On the other side of the Pacific, Beijing is watching keenly as President Donald Trump uses the might of the U.S. military not to posture against China, but to posture against the American people.
While the United States negotiated a trade deal with China, the target-of-the-moment in Trump’s trade war against the world, the U.S. president sent an active-duty Marine infantry unit to help quell heated protests against immigration enforcement agents in Los Angeles. These two things seem hardly related, but the Marine deployment is yet another indication that regardless of what he says, Trump is fundamentally unserious about being “tough on China.”
At 168,000-strong, the Marine Corps is a small branch, about half the Navy’s and one-third the Army’s size. More importantly, the Marines are in the midst of a major force redesign in preparation for a high-end, large-scale war with a peer or near-peer competitor, China, involving forward naval and amphibious operations and extensive littoral maneuver, with contested command of the sea.
The political theater of sending Marines to Los Angeles subtly eats at force readiness and signals domestic vulnerability. There is no reason to send Marines – or the National Guard, for that matter – when local and regional police forces could do the job. Nor have they been given sufficient opportunity, as Trump pre-empted a regional police response by unnecessarily escalating the situation almost immediately.
Under the Armed Forces Act, the Marines are not authorized to engage in riot control, only protection of federal agents and federal property. Even if the Insurrection Act were invoked and Marines were granted policing power, they would be subject to law enforcement’s legal and constitutional constraints and rules of engagement.
Military training in non-lethal weaponry and crowd control and de-escalation techniques is primarily for foreign, wartime environments whose rules of engagement differ from those for domestic police. The president may intend this incompatibility, in order to incrementally make domestic policing rules of engagement more permissive, as he desired during his first term.

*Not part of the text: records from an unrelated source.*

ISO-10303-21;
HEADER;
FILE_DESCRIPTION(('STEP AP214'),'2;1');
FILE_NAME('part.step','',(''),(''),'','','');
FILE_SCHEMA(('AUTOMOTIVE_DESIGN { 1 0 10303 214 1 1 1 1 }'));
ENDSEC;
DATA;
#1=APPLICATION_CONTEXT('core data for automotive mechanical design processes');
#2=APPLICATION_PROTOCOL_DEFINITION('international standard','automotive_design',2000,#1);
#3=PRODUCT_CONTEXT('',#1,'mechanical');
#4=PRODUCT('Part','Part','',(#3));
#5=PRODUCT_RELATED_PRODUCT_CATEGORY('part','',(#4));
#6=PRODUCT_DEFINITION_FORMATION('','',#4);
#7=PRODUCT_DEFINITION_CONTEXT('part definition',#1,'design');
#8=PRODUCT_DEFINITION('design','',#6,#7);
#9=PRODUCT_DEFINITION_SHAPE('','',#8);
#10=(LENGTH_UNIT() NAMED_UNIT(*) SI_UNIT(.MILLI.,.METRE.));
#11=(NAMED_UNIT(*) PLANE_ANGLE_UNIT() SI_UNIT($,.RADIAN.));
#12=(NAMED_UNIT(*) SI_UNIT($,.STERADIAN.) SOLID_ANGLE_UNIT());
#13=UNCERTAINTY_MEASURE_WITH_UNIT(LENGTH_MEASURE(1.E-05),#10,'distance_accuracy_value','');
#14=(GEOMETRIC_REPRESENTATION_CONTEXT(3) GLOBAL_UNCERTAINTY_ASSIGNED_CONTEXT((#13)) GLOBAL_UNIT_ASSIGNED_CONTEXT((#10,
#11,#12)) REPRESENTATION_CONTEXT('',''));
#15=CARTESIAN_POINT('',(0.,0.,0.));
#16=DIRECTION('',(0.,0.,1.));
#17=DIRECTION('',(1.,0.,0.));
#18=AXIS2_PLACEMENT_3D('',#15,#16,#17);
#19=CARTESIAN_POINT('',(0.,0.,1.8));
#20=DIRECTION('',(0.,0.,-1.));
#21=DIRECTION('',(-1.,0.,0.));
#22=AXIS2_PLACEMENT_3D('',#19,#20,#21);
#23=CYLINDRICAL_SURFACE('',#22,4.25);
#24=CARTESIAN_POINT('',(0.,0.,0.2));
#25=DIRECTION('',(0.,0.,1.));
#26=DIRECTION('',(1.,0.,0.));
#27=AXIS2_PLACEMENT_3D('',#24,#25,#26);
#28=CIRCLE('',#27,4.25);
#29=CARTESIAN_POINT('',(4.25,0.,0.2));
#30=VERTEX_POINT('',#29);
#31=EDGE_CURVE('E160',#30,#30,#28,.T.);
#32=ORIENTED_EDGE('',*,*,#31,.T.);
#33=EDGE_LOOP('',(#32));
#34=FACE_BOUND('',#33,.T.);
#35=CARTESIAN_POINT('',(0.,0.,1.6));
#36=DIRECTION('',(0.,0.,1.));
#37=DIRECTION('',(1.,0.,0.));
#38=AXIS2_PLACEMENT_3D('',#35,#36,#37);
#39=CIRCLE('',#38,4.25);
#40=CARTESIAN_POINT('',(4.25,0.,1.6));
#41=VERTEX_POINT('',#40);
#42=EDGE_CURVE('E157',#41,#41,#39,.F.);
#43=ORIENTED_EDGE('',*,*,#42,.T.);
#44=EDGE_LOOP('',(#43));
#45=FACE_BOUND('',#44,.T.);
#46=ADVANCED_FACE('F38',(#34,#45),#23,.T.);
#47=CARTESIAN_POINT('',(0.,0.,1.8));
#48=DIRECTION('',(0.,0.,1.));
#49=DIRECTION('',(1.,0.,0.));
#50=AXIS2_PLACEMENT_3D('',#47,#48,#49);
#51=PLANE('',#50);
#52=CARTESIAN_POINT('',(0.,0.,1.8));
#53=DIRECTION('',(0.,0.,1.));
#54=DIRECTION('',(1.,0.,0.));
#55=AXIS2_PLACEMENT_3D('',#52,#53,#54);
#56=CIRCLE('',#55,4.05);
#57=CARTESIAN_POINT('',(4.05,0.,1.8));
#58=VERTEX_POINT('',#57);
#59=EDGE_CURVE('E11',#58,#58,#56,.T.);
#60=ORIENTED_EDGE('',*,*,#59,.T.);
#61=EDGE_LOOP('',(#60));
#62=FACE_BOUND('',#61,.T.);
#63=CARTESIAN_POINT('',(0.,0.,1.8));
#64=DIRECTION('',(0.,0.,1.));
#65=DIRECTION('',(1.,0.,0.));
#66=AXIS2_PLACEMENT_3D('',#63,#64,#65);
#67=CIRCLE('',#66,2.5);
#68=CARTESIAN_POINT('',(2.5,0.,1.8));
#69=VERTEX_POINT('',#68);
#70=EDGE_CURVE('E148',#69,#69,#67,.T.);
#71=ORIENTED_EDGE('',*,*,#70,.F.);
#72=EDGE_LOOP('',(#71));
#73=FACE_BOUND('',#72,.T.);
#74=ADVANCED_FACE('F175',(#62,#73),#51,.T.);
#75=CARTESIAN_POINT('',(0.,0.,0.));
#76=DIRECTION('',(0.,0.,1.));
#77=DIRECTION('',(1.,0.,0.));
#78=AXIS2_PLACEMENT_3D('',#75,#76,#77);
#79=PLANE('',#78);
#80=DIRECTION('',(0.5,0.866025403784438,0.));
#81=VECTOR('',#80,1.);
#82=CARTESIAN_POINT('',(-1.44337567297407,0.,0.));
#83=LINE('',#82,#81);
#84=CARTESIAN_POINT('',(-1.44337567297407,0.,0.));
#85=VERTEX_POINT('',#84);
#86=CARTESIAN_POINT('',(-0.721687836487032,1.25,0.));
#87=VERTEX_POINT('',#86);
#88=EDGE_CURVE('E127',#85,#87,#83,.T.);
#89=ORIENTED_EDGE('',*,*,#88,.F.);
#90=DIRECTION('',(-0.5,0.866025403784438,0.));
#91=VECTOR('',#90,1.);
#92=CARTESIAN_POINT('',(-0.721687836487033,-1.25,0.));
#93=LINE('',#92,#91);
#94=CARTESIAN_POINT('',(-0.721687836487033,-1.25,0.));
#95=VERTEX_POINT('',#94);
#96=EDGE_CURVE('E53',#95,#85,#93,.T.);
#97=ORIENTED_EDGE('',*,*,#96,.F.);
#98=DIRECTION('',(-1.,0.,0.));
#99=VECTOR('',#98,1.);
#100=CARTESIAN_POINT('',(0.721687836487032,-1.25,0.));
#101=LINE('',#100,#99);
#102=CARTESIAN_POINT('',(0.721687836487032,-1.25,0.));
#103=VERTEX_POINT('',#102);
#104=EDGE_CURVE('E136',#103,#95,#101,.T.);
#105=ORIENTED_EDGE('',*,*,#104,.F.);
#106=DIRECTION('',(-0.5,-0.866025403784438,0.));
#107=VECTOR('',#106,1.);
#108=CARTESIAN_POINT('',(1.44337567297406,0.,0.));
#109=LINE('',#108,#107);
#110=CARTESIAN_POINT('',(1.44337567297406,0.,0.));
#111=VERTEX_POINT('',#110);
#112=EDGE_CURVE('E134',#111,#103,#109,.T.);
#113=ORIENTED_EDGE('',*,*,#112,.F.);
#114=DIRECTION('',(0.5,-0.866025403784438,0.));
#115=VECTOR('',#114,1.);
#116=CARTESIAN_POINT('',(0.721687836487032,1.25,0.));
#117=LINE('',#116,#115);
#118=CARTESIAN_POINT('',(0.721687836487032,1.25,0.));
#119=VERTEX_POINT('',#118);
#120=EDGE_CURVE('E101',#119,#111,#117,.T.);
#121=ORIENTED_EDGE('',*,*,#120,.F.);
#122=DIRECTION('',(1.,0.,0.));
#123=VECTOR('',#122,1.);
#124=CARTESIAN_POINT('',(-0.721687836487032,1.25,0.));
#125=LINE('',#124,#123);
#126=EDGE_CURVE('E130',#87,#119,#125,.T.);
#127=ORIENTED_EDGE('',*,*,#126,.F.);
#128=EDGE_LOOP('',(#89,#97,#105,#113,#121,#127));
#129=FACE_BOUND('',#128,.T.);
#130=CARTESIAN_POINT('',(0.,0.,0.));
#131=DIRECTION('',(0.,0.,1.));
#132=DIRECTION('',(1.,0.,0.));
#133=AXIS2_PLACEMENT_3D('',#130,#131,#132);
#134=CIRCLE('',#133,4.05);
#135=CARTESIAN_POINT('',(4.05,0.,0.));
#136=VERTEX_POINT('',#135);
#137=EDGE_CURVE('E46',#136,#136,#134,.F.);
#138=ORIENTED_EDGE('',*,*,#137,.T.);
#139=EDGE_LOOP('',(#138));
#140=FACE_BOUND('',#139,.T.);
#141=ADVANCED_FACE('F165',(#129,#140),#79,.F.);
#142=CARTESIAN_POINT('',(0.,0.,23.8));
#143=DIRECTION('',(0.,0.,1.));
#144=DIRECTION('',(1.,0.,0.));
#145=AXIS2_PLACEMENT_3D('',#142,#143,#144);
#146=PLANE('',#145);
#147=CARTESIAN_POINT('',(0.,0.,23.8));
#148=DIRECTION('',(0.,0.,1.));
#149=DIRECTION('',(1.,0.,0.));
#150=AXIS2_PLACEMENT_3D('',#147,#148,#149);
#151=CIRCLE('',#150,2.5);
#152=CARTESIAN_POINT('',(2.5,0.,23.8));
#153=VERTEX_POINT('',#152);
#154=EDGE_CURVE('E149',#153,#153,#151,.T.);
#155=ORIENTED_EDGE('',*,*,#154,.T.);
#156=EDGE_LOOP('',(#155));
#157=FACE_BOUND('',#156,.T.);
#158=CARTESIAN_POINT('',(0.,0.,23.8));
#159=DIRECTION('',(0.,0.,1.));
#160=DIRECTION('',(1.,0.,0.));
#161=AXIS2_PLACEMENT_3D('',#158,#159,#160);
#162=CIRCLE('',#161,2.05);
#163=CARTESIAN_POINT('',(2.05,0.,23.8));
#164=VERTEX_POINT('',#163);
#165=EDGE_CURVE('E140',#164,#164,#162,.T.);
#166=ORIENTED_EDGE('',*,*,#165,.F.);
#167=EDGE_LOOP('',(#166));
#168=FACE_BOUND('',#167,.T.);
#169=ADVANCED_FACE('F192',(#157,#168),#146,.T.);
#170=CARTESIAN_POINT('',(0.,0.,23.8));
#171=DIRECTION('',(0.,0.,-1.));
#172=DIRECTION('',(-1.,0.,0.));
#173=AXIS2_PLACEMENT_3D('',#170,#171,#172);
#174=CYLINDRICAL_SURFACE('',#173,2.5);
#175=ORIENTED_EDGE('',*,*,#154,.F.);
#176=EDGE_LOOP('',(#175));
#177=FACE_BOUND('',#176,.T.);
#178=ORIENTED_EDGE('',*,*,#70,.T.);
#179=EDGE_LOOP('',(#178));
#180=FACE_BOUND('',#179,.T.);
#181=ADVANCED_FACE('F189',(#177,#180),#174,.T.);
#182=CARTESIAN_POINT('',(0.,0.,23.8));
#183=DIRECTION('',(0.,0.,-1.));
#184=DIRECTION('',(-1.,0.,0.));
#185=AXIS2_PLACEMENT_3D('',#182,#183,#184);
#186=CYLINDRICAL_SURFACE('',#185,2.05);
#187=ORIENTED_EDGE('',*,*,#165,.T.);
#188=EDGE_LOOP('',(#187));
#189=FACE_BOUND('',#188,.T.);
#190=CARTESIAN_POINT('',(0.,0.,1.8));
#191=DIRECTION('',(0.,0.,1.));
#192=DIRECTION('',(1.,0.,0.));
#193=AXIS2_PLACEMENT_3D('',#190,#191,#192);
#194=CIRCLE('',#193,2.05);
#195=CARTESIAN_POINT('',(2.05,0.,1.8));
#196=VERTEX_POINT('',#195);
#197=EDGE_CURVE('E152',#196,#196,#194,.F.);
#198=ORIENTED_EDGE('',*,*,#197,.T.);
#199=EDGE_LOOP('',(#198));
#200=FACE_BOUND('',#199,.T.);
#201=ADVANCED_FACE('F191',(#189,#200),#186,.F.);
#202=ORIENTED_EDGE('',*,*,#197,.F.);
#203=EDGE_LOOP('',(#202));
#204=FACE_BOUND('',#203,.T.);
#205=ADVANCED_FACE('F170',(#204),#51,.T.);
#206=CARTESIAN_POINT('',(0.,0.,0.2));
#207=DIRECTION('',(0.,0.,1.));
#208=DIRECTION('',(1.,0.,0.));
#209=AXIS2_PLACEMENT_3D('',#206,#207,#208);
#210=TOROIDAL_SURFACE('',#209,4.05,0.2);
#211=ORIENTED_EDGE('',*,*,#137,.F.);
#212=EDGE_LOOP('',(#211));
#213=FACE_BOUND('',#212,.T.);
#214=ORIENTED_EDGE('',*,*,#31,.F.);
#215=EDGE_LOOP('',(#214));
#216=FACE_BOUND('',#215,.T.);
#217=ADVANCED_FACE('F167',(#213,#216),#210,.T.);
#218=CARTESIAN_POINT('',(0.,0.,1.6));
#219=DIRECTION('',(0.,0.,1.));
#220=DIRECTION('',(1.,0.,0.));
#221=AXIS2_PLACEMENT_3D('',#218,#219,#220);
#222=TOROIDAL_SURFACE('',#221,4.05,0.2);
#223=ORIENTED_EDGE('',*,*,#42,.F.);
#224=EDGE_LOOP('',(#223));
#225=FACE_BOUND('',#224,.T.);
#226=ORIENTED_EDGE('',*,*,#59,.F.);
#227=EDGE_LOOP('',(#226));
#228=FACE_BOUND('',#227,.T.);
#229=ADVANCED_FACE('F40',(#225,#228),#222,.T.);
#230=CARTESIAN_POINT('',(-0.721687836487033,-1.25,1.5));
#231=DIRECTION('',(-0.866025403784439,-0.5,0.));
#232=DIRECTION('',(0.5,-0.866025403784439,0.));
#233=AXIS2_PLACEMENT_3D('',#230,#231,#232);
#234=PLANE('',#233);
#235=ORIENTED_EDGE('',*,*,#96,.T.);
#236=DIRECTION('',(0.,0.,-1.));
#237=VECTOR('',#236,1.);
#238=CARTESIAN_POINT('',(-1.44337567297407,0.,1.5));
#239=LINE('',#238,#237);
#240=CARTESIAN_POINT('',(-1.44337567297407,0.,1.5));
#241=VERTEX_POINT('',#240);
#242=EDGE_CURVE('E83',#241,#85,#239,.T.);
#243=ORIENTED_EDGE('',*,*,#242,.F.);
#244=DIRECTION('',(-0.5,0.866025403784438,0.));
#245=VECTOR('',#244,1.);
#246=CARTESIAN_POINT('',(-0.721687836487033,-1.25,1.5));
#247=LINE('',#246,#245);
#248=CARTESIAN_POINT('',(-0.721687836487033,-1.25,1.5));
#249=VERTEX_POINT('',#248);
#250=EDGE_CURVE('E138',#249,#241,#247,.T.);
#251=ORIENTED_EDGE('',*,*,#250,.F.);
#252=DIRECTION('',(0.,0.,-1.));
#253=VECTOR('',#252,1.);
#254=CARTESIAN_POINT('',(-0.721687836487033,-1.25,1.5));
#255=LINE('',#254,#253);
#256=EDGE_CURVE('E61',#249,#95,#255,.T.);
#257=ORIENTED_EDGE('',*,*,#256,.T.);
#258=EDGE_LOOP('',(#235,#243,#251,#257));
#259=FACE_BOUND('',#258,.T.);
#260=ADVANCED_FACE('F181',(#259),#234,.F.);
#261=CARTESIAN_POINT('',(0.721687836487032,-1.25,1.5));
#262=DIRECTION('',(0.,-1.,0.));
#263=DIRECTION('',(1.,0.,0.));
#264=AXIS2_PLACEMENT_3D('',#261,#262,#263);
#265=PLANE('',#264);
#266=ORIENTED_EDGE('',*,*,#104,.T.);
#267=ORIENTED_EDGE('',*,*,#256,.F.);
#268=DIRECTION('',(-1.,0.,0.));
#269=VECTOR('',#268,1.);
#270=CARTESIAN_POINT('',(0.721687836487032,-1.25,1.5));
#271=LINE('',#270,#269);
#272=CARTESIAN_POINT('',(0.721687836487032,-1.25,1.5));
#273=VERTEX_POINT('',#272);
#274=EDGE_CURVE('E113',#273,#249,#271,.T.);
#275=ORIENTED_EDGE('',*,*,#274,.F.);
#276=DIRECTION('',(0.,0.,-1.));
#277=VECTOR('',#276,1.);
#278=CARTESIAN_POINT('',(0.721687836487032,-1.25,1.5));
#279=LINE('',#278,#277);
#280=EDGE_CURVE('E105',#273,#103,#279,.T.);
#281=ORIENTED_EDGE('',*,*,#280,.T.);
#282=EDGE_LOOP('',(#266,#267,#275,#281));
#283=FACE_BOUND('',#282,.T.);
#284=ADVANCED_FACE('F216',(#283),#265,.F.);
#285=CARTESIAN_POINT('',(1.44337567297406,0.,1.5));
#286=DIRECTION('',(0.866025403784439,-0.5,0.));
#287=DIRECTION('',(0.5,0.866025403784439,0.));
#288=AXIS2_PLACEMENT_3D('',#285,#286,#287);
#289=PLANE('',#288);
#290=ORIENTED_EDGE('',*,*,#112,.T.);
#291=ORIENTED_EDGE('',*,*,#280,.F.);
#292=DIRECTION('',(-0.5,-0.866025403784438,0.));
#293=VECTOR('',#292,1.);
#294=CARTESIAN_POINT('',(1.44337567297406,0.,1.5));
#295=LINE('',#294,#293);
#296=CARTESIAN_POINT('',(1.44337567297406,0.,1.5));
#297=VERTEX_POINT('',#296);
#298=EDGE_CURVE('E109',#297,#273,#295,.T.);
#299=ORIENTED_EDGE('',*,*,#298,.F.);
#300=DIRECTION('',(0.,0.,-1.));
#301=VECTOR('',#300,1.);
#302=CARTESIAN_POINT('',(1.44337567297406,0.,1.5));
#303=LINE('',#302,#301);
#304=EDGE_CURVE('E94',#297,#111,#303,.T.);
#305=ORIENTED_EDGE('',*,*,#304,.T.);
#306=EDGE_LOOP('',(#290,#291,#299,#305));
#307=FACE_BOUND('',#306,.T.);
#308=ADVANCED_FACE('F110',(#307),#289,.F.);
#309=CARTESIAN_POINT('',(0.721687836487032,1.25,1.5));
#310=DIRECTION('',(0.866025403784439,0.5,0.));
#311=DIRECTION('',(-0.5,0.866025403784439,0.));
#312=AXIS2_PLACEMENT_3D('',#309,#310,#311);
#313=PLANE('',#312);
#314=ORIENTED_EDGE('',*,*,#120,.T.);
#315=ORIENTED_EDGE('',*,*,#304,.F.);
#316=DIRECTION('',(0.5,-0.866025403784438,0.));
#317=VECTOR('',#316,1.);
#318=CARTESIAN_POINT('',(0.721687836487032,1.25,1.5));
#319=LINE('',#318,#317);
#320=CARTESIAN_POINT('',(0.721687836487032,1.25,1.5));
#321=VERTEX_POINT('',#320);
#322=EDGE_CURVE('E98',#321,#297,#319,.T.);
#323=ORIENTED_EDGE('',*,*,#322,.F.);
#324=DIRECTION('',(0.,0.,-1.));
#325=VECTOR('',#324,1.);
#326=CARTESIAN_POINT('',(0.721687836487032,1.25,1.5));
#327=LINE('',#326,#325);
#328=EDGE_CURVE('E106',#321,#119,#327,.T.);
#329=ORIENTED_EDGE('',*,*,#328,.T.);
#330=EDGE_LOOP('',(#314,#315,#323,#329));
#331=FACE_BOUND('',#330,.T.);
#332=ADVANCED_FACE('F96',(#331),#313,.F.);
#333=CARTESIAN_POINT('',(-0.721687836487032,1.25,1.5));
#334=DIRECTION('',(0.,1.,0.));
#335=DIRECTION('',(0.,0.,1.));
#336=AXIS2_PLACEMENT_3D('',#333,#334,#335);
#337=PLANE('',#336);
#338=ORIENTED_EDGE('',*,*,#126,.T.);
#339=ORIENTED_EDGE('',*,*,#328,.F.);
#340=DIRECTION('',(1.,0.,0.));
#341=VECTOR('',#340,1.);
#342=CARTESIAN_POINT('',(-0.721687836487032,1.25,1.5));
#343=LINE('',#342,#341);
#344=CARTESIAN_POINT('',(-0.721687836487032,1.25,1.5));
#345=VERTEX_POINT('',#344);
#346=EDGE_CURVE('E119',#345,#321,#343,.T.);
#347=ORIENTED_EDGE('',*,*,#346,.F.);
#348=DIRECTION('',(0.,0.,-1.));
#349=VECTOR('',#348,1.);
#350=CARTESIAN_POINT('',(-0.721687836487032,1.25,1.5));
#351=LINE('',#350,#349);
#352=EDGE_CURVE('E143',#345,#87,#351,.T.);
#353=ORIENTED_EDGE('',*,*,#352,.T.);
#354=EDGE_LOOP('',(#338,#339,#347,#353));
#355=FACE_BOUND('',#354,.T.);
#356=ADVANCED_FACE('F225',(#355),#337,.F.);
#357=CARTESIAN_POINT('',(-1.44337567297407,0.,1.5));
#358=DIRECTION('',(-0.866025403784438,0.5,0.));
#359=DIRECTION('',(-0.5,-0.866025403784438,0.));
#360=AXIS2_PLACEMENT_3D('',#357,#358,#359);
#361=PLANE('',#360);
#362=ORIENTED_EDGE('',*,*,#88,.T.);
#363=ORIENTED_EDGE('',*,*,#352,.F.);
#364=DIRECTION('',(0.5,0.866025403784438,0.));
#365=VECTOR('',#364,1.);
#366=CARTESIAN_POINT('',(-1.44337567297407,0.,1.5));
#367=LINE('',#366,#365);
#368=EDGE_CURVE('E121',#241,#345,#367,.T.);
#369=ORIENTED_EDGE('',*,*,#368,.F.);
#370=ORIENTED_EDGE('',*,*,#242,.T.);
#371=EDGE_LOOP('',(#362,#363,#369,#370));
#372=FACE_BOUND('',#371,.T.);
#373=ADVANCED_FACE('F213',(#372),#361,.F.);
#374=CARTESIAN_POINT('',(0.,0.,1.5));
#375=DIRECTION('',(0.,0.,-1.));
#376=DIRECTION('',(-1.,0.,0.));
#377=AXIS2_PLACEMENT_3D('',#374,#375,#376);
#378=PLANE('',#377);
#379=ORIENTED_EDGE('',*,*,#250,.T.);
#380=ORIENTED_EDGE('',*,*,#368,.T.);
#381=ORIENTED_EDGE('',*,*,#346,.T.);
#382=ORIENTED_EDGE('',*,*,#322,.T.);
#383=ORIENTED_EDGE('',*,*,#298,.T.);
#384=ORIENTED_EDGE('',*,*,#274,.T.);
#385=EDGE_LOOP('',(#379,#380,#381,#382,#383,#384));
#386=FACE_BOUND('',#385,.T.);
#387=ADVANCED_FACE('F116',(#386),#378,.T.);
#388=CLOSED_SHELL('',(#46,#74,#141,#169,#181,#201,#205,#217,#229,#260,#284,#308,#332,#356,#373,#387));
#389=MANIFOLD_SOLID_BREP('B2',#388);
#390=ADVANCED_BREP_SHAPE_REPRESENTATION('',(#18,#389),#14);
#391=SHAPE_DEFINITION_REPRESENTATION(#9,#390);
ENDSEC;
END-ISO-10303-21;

Critically, however, the Marines will not conduct riot control or even counterinsurgency, as they have in recent wars, in a future war with China. As such, this mission in Los Angeles is simply a distraction.
The Marine Corps has taken a bold, risky, and not-uncontroversial commitment to its conception of the future fight and its specific role in that future war. The demands of the redesigned strategy and the relatively small size of the Marine Corps require singular focus on developing capabilities for a large-scale, complex, distant war in which it will be the tip of the spear.
To posture politically with active-duty troops from any service, much less the Marine Corps, at this time is irresponsible at best.
The long-term implications for civil-military relations will also hamper capacity for peer or near-peer conflict. The Marine Corps would prefer to stay focused on its strategic mission, instead of providing security and logistical services for domestic law enforcement. This unnecessary deployment amplifies other more and less blatant attempts to politicize the military and secure its personal loyalty to Trump, including what could have been an innocuous military parade on Saturday that has forced some units to cancel critical training activities in order to participate in the pageantry.
U.S. military personnel are professionals who retain deep respect for the office of commander-in-chief, whatever they might think of the person occupying that office. But repeated and systematic attempts by an officeholder to collapse that distinction will eventually erode the distinction in the minds of those who answer to that office.
As professional as U.S. military personnel are, loss of confidence in one’s boss will damage morale and affect job performance, even if only at the margins.
But in a war against a peer competitor like China, the margins will matter. And in the long term, corroding proper civil-military relations will endanger the republic.
One of the U.S. military’s great strengths is to be able to fight for an ideal, to plausibly hold the belief that the United States, its government, and its people are special. That conviction becomes harder to retain if the U.S. proves not so different after all, as Trump himself has claimed, in comparing the U.S. to Russia.
Engaging in political theater and/or domestic repression akin to that of the United States’ historical enemies instead of focusing on its strategic and operational missions is not what the Marine Corps wants to do or should be doing. This current clash over federalism and civil-military relations plays games with U.S. national security and military readiness.
Undoubtedly, many will enjoy the dashing spectacle of uniformed Marines in the streets, exhibiting their rightful reputation for fierce and courageous fighting. And deploying 700 infantry troops in a supporting role for 60 days to the tune of $134 million – chump change for the Pentagon, but notable when the Department of Defense has been told to cut 8 percent of its budget annually for the next five years – alone will not make or break U.S. capabilities in a future war against China. With this deployment, Trump thinks he signals strength to his adversaries, foreign and domestic.
But this vanity project also signals to domestic audiences and foreign enemies that Trump is willing to neglect long-term military capability and readiness for the sake of personal political gain – and that is a sign of weakness. The Chinese Communist Party almost certainly reads it that way.